I have gmail...but I have it hooked straight up to mail. So I rarely ever go to gmail.com. Mail is pretty good man.


----------



## psxp (May 23, 2006)

I use ThunderBird as well as Mail.

Thunderbird is easy to migrate to another platform.. ie. copy the files to you Windows box !


----------



## dona83 (Jun 26, 2005)

My boss swore by Entourage, but that's because he needed to connect to the company MS Exchange server.


----------



## screature (May 14, 2007)

psxp said:


> I use ThunderBird as well as Mail.
> 
> Thunderbird is easy to migrate to another platform.. ie. copy the files to you Windows box !


I agree that Thunderbird is a good alternative. Better out going HTML mailing options, but no address book and iCal integration. I run them both and when I need to send something out with HTML I use Thunderbird. For regular e-mail, I stick with Mail for it's Address book and iCal intergration.


----------



## chas_m (Dec 2, 2007)

I've used em all ... Eudora used to have a compelling case but not anymore ...

As of Leopard, Mail now conforms to the mbox standard fully, so Thunderbird's one big advantage just went poof.

I have to say I think Mail is, overall, the best email client on any platform. The data detectors in particular just put this thing over the top.


----------



## screature (May 14, 2007)

chas_m said:


> As of Leopard, Mail now conforms to the mbox standard fully, so Thunderbird's one big advantage just went poof.


chas_m, not familiar with what you mean by mbox standard. Could you explain.

Also for marketing purposes I often send out HTML e-mails. To create them in Thunderbird I just create a new e-mail, choose insert HTML, copy it the code into the window and poof I have a perfectly formated outgoing HTML e-mail. I have looked through Mail time and again and cannot figure out how this can be accomplished. If you know could you please enlighten, as that is the only reason why I continue to use Thunderbird at all. Tanks, tanks a lot.


----------



## vacuvox (Sep 5, 2003)

I've used a Entourage, Eudora and Mail Smith and have ended up sticking with Apple Mail which I'm very happy with. It works well, it's fast, the junk filtering and search capability is great, it's got Smart Mail boxes, and it is well integrated with Spotlight, iCal and Addressbook. And it's free with the OS. It seems like a no brainer unless you need specific features that Apple Mail doesn't cover. On the other hand...

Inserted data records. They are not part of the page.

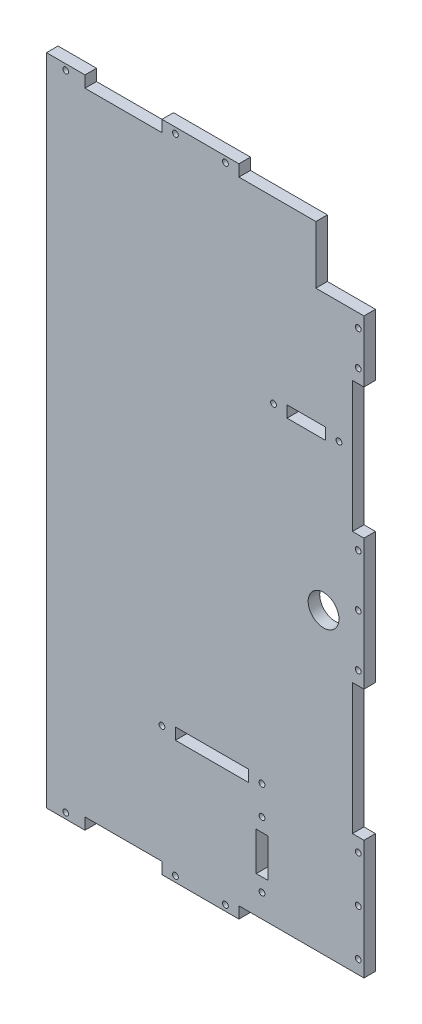
from build123d import *

# Parameters (mm, degrees)
ESQUISSE2_W                            = 330
ESQUISSE2_H                            = 340
BOSS_EXTRU_1_DEPTH                     = 6
ESQUISSE4_W                            = 65
ESQUISSE4_H                            = 6
ESQUISSE4_W_2                          = 40
ESQUISSE4_W_3                          = 6
ESQUISSE4_H_2                          = 68
ENL_V_MAT_ENCOCHE_BORD_DEPTH           = 474.852297662
ESQUISSE5_W                            = 38
ESQUISSE5_H                            = 6
ESQUISSE5_W_2                          = 15
ESQUISSE5_H_2                          = 10
ESQUISSE5_W_3                          = 25
ESQUISSE5_H_3                          = 30
ESQUISSE5_W_4                          = 20
ESQUISSE5_W_5                          = 6
ESQUISSE5_H_4                          = 20
ENL_V_MAT_ENCOCHE_TAGE_ROULETTES_DEPTH = 474.852297662
ESQUISSE6_R                            = 8
ENL_V_MAT_EXTRU_1_DEPTH                = 10
ESQUISSE7_W                            = 170.318171934
ESQUISSE7_H                            = 348.032193401
ENL_V_MAT_EXTRU_2_DEPTH                = 474.852297662
ESQUISSE8_R                            = 1.5
ENL_V_MAT_EXTRU_3_DEPTH                = 378.969575495
ESQUISSE9_R                            = 2.995
ESQUISSE9_R_2                          = 3
ENL_V_MAT_EXTRU_4_DEPTH                = 3


with BuildPart() as part:
    # Esquisse2 → Boss.-Extru.1 (new body)
    with BuildSketch(Plane.XY):
        with Locations((-165, -170)):
            Rectangle(ESQUISSE2_W, ESQUISSE2_H)
    extrude(amount=BOSS_EXTRU_1_DEPTH)

    # Esquisse4 → Enlèv. mat encoche bord (cut, through all)
    with BuildSketch(Plane(origin=(0, 0, 0), x_dir=(-1, 0, 0), z_dir=(0, 0, -1))):
        with Locations((297.5, -3)):
            Rectangle(ESQUISSE4_W, ESQUISSE4_H)
        with Locations((205, -3)):
            Rectangle(ESQUISSE4_W_2, ESQUISSE4_H)
        with Locations((125, -3)):
            Rectangle(ESQUISSE4_W_2, ESQUISSE4_H)
        with Locations((32.5, -3)):
            Rectangle(ESQUISSE4_W, ESQUISSE4_H)
        with Locations((327, -102)):
            Rectangle(ESQUISSE4_W_3, ESQUISSE4_H_2)
        with Locations((3, -102)):
            Rectangle(ESQUISSE4_W_3, ESQUISSE4_H_2)
        with Locations((297.5, -337)):
            Rectangle(ESQUISSE4_W, ESQUISSE4_H)
        with Locations((205, -337)):
            Rectangle(ESQUISSE4_W_2, ESQUISSE4_H)
        with Locations((125, -337)):
            Rectangle(ESQUISSE4_W_2, ESQUISSE4_H)
        with Locations((32.5, -337)):
            Rectangle(ESQUISSE4_W, ESQUISSE4_H)
        with Locations((327, -238)):
            Rectangle(ESQUISSE4_W_3, ESQUISSE4_H_2)
        with Locations((3, -238)):
            Rectangle(ESQUISSE4_W_3, ESQUISSE4_H_2)
    extrude(amount=-ENL_V_MAT_ENCOCHE_BORD_DEPTH, mode=Mode.SUBTRACT)

    # Esquisse5 → Enlèv. mat encoche étage + roulettes (cut, through all)
    with BuildSketch(Plane(origin=(0, 0, 0), x_dir=(-1, 0, 0), z_dir=(0, 0, -1))):
        with Locations((251, -273)):
            Rectangle(ESQUISSE5_W, ESQUISSE5_H)
        with Locations((79, -273)):
            Rectangle(ESQUISSE5_W, ESQUISSE5_H)
        with Locations((322.5, -11)):
            Rectangle(ESQUISSE5_W_2, ESQUISSE5_H_2)
        with Locations((12.5, -21)):
            Rectangle(ESQUISSE5_W_3, ESQUISSE5_H_3)
        with Locations((300, -99)):
            Rectangle(ESQUISSE5_W_4, ESQUISSE5_H)
        with Locations((30, -99)):
            Rectangle(ESQUISSE5_W_4, ESQUISSE5_H)
        with Locations((53, -305)):
            Rectangle(ESQUISSE5_W_5, ESQUISSE5_H_4)
    extrude(amount=-ENL_V_MAT_ENCOCHE_TAGE_ROULETTES_DEPTH, mode=Mode.SUBTRACT)

    # Esquisse6 → Enlèv. mat.-Extru.1 (cut)
    with BuildSketch(Plane.XY.offset(6)):
        with Locations((-21, -178.92)):
            Circle(ESQUISSE6_R)
        with Locations((-309, -178.92)):
            Circle(ESQUISSE6_R)
    extrude(amount=-ENL_V_MAT_EXTRU_1_DEPTH, mode=Mode.SUBTRACT)

    # Esquisse7 → Enlèv. mat.-Extru.2 (cut, through all)
    with BuildSketch(Plane.XY.offset(6)):
        with Locations((-250.159085967, -174.016096701)):
            Rectangle(ESQUISSE7_W, ESQUISSE7_H)
    extrude(amount=-ENL_V_MAT_EXTRU_2_DEPTH, mode=Mode.SUBTRACT)

    # Esquisse8 → Enlèv. mat.-Extru.3 (cut, through all)
    with BuildSketch(Plane(origin=(0, 0, 0), x_dir=(-1, 0, 0), z_dir=(0, 0, -1))):
        with Locations((155, -337)):
            Circle(ESQUISSE8_R)
        with Locations((98, -337)):
            Circle(ESQUISSE8_R)
        with Locations((72, -337)):
            Circle(ESQUISSE8_R)
        with Locations((3, -327)):
            Circle(ESQUISSE8_R)
        with Locations((3, -303)):
            Circle(ESQUISSE8_R)
        with Locations((3, -279)):
            Circle(ESQUISSE8_R)
        with Locations((53, -288)):
            Circle(ESQUISSE8_R)
        with Locations((53, -322)):
            Circle(ESQUISSE8_R)
        with Locations((53, -273)):
            Circle(ESQUISSE8_R)
        with Locations((105, -273)):
            Circle(ESQUISSE8_R)
        with Locations((3, -197)):
            Circle(ESQUISSE8_R)
        with Locations((3, -170)):
            Circle(ESQUISSE8_R)
        with Locations((3, -143)):
            Circle(ESQUISSE8_R)
        with Locations((3, -61)):
            Circle(ESQUISSE8_R)
        with Locations((3, -43)):
            Circle(ESQUISSE8_R)
        with Locations((98, -3)):
            Circle(ESQUISSE8_R)
        with Locations((72, -3)):
            Circle(ESQUISSE8_R)
        with Locations((155, -3)):
            Circle(ESQUISSE8_R)
        with Locations((47, -99)):
            Circle(ESQUISSE8_R)
        with Locations((13, -99)):
            Circle(ESQUISSE8_R)
    extrude(amount=-ENL_V_MAT_EXTRU_3_DEPTH, mode=Mode.SUBTRACT)

    # Esquisse9 → Enlèv. mat.-Extru.4 (cut)
    with BuildSketch(Plane(origin=(0, 0, 0), x_dir=(-1, 0, 0), z_dir=(0, 0, -1))):
        with Locations((155, -337)):
            Circle(ESQUISSE9_R)
        with Locations((98, -337)):
            Circle(ESQUISSE9_R)
        with Locations((72, -337)):
            Circle(ESQUISSE9_R)
        with Locations((53, -322)):
            Circle(ESQUISSE9_R_2)
        with Locations((53, -288)):
            Circle(ESQUISSE9_R)
        with Locations((53, -273)):
            Circle(ESQUISSE9_R)
        with Locations((105, -273)):
            Circle(ESQUISSE9_R)
        with Locations((3, -279)):
            Circle(ESQUISSE9_R)
        with Locations((3, -303)):
            Circle(ESQUISSE9_R)
        with Locations((3, -327)):
            Circle(ESQUISSE9_R)
        with Locations((3, -197)):
            Circle(ESQUISSE9_R)
        with Locations((3, -170)):
            Circle(ESQUISSE9_R)
        with Locations((3, -143)):
            Circle(ESQUISSE9_R)
        with Locations((47, -99)):
            Circle(ESQUISSE9_R_2)
        with Locations((13, -99)):
            Circle(ESQUISSE9_R_2)
        with Locations((3, -61)):
            Circle(ESQUISSE9_R)
        with Locations((3, -43)):
            Circle(ESQUISSE9_R)
        with Locations((98, -3)):
            Circle(ESQUISSE9_R)
        with Locations((72, -3)):
            Circle(ESQUISSE9_R)
        with Locations((155, -3)):
            Circle(ESQUISSE9_R)
    extrude(amount=-ENL_V_MAT_EXTRU_4_DEPTH, mode=Mode.SUBTRACT)


solid = part.part

What's better than Apple Mail?
Hiking a mountain trail,
Going for a sail 
in a modest gale,
Europe by rail,
escaping from jail or making bail
and catching a beyond-the-pale
Monty Python Tale
about The Holy Grail
with a sultry female
in a veil
without fail
is less stale
than any app for email.


----------



## The Doug (Jun 14, 2003)

I'm quite satisfied with Apple Mail as well - it's so nice to use after spending the day having to put up with Outlook (_look out!_) combined with a crochety exchange server on my WinXP box at work.


----------



## SINC (Feb 16, 2001)

Apple Mail is the best. Haven't used another since Jaguar.


----------



## a7mc (Dec 30, 2002)

> I have looked through Mail time and again and cannot figure out how this can be accomplished.


Mail accepts HTML in WYSIWYG format. Wanna try? Go ahead and copy any section of this site... that's right... just highlight a chunk of this site, hit Apple-C, then open a new message and Apple-V. It will look exactly like when you just copied.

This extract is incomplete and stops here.